Task directions -
An exact copy of every record is needed, with the pictures left out.

Task data -

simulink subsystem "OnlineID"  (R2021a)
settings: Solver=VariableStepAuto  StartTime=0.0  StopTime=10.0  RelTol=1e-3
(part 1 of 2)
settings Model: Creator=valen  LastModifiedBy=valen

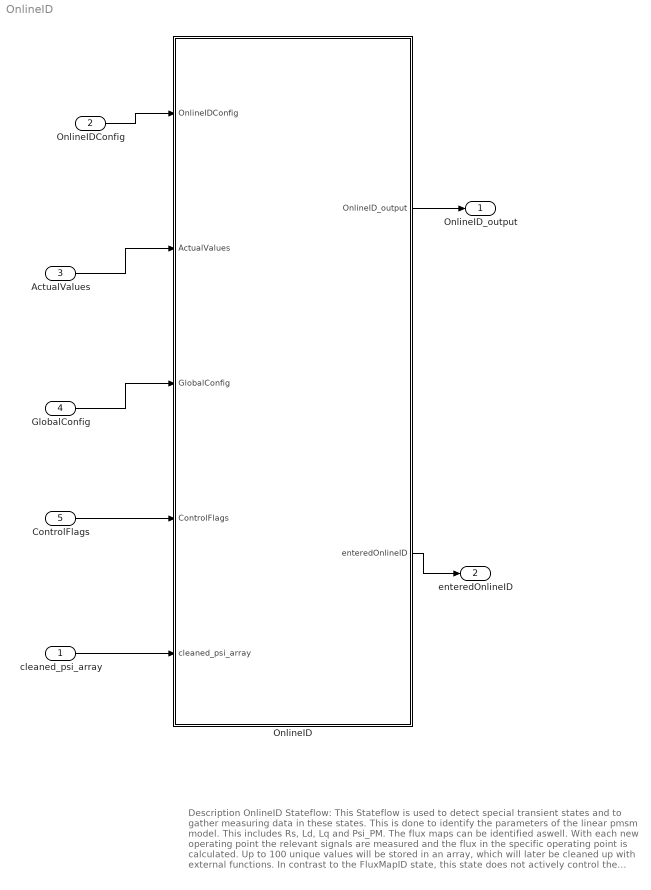
== system OnlineID ==
  note: Description OnlineID Stateflow:
      |
      | This Stateflow is used to detect special transient states and to gather measuring data in these states.
      | This is done to identify the parameters of the linear pmsm model. This includes Rs, Ld, Lq and Psi_PM. The flux maps can be identified aswell. With each new operating point the relevant signals are measured and the flux in the specific operating point is calculated. Up to 100 unique values will be stored in an array, which will later be cleaned up with external functions. In contrast to the FluxMapID state, this state does not actively control the machine via reference currents(except the addition of a injection signal with low amplitude/frequency on top of the reference d-axis current), but therefore measures and calculates the flux in the operating points. This state can therefore run in parallel with your controller, since it does not require full control of the system.
  cleaned_psi_array : Inport
  OnlineIDConfig : Inport  Port=2
  ActualValues : Inport  Port=3
  GlobalConfig : Inport  Port=4
  ControlFlags : Inport  Port=5
  OnlineID : Stateflow chart  TreatAsAtomicUnit=on
      settings: PortSchema="{\"entries\":[{\"content\":{\"sides\":[{\"content\":{\"connectorIds\":[\"In2\",\"In3\",\"In4\",\"In5\",\"In1\"]},\"type\":\"ConnectorPlacement.EquallySpacedRectSide\",\"uuid\":\"7820c6f2-c977-4194-b662-7782d124a170\"},{\"content\":{\"connectorIds\":[\"Out1\",\"Out2\"],\"side\":\"RIGHT\"},\"type\":\"ConnectorPlacement.EquallySpacedRectSide\",\"uuid\":\"8a942b25-9a71-4f6d-9e71-d8e23af023a4\"},{\"content\":{\"connectorIds\":[],\"side\":\"TOP\"},\"type\":\"ConnectorPlacement.EquallySpacedRectSide\",\"uuid\":\"547238ca-03bf-4702-a4be-178f97463404\"}]},\"type\":\"ConnectorPlacement.EquallySpacedConnector\",\"uuid\":\"69f1930a-cf81-42da-9647-066ad6599903\"}],\"packageUris\":[\"http://schema.mathworks.com/mf0/Connector/R2020b\"],\"version\":\"1.0\"}"
  OnlineID_output : Outport
  enteredOnlineID : Outport  Port=2
  wires:
  ControlFlags/1 -> OnlineID/5(ControlFlags)
  GlobalConfig/1 -> OnlineID/4(GlobalConfig)
  OnlineIDConfig/1 -> OnlineID/2(OnlineIDConfig)
  OnlineID/2(enteredOnlineID) -> enteredOnlineID/1
  ActualValues/1 -> OnlineID/3(ActualValues)
  OnlineID/1(OnlineID_output) -> OnlineID_output/1
  cleaned_psi_array/1 -> OnlineID/1(cleaned_psi_array)

Answer to the exercise -
simulink subsystem "OnlineID"  (R2021a)
settings: Solver=VariableStepAuto  StartTime=0.0  StopTime=10.0  RelTol=1e-3
(part 1 of 2)
settings Model: Creator=valen  LastModifiedBy=valen

== system OnlineID ==
  note: Description OnlineID Stateflow:
      |
      | This Stateflow is used to detect special transient states and to gather measuring data in these states.
      | This is done to identify the parameters of the linear pmsm model. This includes Rs, Ld, Lq and Psi_PM. The flux maps can be identified aswell. With each new operating point the relevant signals are measured and the flux in the specific operating point is calculated. Up to 100 unique values will be stored in an array, which will later be cleaned up with external functions. In contrast to the FluxMapID state, this state does not actively control the machine via reference currents(except the addition of a injection signal with low amplitude/frequency on top of the reference d-axis current), but therefore measures and calculates the flux in the operating points. This state can therefore run in parallel with your controller, since it does not require full control of the system.
  cleaned_psi_array : Inport
  OnlineIDConfig : Inport  Port=2
  ActualValues : Inport  Port=3
  GlobalConfig : Inport  Port=4
  ControlFlags : Inport  Port=5
  OnlineID : Stateflow chart  TreatAsAtomicUnit=on
      settings: PortSchema="{\"entries\":[{\"content\":{\"sides\":[{\"content\":{\"connectorIds\":[\"In2\",\"In3\",\"In4\",\"In5\",\"In1\"]},\"type\":\"ConnectorPlacement.EquallySpacedRectSide\",\"uuid\":\"7820c6f2-c977-4194-b662-7782d124a170\"},{\"content\":{\"connectorIds\":[\"Out1\",\"Out2\"],\"side\":\"RIGHT\"},\"type\":\"ConnectorPlacement.EquallySpacedRectSide\",\"uuid\":\"8a942b25-9a71-4f6d-9e71-d8e23af023a4\"},{\"content\":{\"connectorIds\":[],\"side\":\"TOP\"},\"type\":\"ConnectorPlacement.EquallySpacedRectSide\",\"uuid\":\"547238ca-03bf-4702-a4be-178f97463404\"}]},\"type\":\"ConnectorPlacement.EquallySpacedConnector\",\"uuid\":\"69f1930a-cf81-42da-9647-066ad6599903\"}],\"packageUris\":[\"http://schema.mathworks.com/mf0/Connector/R2020b\"],\"version\":\"1.0\"}"
  OnlineID_output : Outport
  enteredOnlineID : Outport  Port=2
  wires:
  ControlFlags/1 -> OnlineID/5(ControlFlags)
  GlobalConfig/1 -> OnlineID/4(GlobalConfig)
  OnlineIDConfig/1 -> OnlineID/2(OnlineIDConfig)
  OnlineID/2(enteredOnlineID) -> enteredOnlineID/1
  ActualValues/1 -> OnlineID/3(ActualValues)
  OnlineID/1(OnlineID_output) -> OnlineID_output/1
  cleaned_psi_array/1 -> OnlineID/1(cleaned_psi_array)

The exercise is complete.